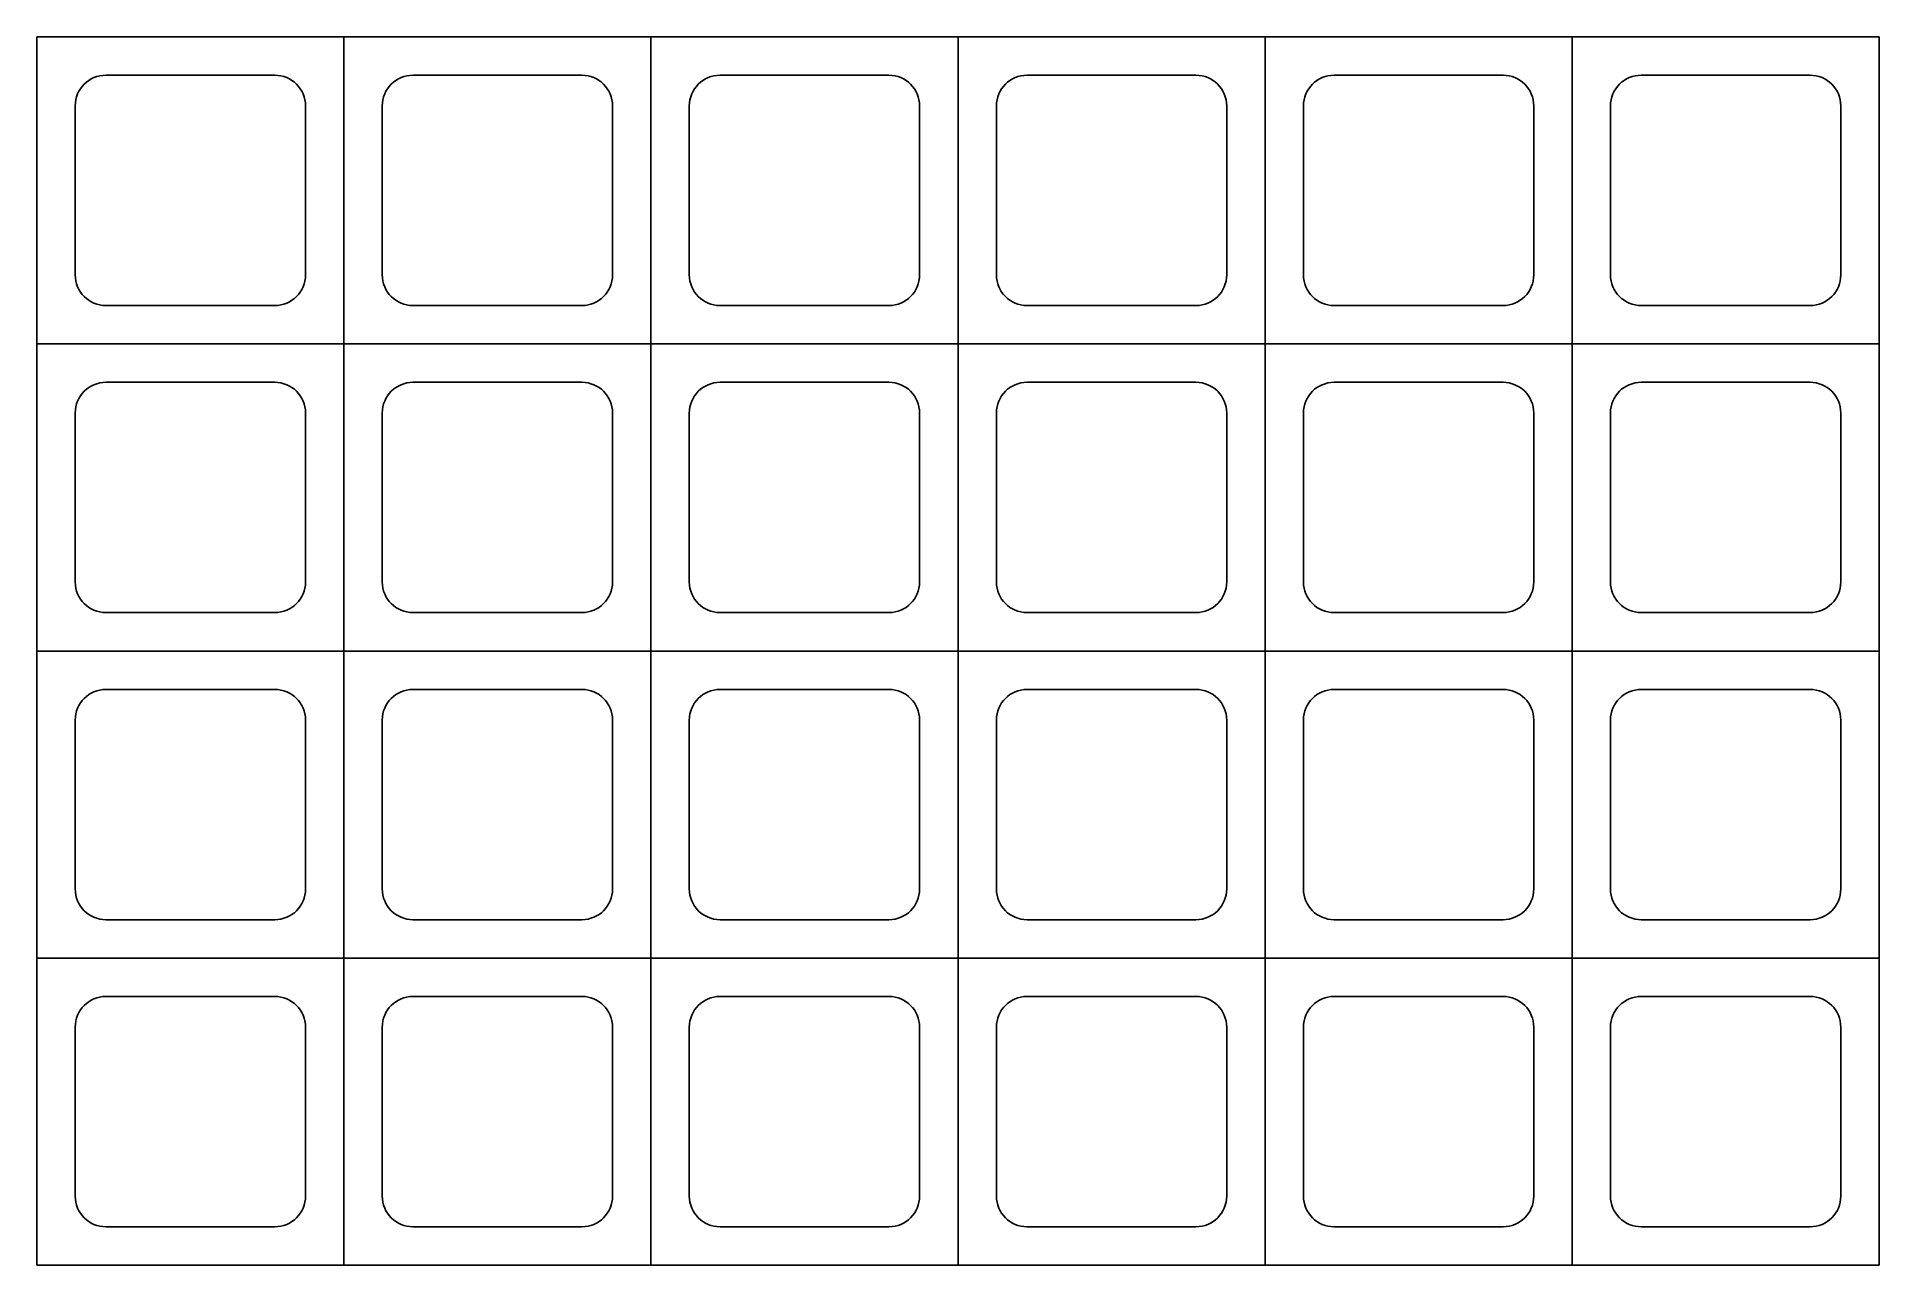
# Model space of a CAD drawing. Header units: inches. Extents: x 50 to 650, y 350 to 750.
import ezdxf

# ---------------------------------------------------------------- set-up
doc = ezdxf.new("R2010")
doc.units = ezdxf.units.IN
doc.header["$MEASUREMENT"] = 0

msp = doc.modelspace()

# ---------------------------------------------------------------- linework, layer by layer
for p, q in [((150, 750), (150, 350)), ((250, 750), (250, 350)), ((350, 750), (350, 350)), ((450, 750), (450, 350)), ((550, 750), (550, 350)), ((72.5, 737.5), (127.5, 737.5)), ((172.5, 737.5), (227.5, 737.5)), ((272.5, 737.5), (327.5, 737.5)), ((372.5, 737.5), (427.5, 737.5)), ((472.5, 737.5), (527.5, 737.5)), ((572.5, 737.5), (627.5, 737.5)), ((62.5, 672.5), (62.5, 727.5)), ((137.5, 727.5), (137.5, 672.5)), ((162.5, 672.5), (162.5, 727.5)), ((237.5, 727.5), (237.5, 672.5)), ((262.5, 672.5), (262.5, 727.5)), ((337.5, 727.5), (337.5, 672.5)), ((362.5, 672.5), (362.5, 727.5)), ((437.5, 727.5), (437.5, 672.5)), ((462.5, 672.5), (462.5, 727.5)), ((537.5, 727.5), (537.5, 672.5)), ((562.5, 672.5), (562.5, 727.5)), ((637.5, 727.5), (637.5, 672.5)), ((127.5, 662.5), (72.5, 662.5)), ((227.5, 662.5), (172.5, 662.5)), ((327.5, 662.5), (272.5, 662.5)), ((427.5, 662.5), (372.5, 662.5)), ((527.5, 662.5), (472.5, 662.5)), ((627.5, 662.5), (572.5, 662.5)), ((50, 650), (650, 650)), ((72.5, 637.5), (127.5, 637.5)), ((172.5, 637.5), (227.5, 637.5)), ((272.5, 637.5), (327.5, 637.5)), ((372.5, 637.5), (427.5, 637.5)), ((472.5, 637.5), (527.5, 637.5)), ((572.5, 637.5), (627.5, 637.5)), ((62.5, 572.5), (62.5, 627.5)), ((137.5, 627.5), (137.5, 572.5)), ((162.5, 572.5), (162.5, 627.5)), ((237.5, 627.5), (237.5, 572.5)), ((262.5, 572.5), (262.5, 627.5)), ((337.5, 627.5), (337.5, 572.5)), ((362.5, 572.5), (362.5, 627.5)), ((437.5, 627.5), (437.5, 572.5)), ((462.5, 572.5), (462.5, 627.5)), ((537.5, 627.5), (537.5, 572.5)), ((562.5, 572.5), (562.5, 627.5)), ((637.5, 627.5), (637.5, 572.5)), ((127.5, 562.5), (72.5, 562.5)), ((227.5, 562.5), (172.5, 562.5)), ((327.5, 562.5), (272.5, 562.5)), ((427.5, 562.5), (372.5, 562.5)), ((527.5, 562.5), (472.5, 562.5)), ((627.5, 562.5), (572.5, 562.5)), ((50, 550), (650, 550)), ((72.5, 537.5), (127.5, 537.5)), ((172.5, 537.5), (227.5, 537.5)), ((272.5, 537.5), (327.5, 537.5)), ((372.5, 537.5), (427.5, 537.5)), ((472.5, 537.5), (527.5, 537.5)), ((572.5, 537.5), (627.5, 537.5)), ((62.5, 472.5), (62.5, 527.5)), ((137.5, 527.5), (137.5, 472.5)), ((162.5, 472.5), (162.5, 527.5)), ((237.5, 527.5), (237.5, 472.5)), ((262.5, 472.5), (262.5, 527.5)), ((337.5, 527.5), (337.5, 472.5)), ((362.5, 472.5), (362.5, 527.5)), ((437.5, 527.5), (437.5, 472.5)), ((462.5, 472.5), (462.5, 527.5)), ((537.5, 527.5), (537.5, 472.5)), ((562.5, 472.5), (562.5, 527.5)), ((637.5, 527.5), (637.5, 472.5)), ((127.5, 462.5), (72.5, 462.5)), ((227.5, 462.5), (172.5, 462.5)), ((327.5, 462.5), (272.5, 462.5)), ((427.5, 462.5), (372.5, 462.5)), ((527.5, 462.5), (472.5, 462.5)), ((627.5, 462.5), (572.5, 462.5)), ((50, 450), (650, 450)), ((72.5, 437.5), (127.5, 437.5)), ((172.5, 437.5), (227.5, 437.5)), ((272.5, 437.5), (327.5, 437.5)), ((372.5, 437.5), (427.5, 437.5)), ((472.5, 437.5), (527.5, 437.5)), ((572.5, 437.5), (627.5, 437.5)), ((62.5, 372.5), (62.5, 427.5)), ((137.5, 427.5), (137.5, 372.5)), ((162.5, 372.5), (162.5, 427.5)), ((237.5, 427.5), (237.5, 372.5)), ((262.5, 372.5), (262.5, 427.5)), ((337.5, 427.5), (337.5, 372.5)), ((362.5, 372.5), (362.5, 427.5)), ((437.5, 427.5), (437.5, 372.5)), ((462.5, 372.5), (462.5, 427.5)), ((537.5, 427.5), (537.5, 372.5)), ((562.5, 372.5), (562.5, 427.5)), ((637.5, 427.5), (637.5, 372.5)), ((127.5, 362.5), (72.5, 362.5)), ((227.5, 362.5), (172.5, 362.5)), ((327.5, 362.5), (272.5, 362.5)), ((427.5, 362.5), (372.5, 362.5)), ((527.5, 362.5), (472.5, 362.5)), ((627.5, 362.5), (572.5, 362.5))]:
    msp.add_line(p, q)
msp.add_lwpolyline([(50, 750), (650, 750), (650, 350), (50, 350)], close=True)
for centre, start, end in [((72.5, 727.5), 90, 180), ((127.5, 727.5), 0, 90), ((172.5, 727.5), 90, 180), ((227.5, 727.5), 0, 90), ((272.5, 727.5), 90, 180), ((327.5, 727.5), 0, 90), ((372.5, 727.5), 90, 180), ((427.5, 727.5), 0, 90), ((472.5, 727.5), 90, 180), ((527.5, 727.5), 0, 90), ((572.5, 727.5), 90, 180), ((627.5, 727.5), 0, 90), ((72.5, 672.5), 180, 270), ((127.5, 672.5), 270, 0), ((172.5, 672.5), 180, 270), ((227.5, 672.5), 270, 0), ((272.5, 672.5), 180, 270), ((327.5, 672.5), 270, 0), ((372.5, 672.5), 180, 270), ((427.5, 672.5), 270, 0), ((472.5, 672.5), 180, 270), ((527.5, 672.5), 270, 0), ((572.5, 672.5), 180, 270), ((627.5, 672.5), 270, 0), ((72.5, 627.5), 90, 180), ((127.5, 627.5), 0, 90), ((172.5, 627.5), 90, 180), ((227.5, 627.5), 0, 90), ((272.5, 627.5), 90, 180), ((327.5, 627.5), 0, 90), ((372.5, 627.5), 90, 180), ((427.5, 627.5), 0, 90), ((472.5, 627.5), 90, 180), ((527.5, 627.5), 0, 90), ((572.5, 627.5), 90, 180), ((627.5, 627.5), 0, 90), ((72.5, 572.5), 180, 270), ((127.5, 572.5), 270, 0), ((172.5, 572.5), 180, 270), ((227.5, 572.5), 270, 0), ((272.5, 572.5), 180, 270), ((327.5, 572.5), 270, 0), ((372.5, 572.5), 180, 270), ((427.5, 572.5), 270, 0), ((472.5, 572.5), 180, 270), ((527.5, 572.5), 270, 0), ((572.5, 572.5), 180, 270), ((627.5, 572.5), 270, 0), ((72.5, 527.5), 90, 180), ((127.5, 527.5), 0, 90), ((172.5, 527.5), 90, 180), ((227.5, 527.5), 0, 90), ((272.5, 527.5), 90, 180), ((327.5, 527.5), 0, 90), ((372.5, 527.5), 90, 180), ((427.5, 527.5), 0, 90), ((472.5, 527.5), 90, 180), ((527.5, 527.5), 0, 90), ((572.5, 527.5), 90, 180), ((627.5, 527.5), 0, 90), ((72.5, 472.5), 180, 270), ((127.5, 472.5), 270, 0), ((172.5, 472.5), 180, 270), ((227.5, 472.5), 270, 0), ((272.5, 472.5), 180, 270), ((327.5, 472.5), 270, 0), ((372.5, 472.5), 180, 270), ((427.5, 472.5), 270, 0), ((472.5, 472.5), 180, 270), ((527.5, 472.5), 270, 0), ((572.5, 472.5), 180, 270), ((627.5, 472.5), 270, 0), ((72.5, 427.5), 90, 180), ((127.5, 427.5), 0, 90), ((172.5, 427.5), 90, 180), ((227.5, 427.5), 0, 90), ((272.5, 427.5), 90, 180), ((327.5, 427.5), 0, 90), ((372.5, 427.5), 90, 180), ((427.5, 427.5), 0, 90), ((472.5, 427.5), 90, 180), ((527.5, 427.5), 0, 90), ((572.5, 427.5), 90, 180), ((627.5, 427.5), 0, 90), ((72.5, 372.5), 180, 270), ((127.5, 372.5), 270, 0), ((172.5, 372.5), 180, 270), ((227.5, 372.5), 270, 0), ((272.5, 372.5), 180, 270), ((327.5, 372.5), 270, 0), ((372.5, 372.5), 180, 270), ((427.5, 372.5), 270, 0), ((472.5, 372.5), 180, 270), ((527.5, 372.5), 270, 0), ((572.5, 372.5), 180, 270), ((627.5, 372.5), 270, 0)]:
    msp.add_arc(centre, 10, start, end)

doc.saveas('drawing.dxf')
####################
The entries above hold the needed span. Transcribe exactly the lines from the one with "doc.units = ezdxf.units.IN" to the one with "layer by layer", both included.

Answer box.
doc.units = ezdxf.units.IN
doc.header["$MEASUREMENT"] = 0

msp = doc.modelspace()

# ---------------------------------------------------------------- linework, layer by layer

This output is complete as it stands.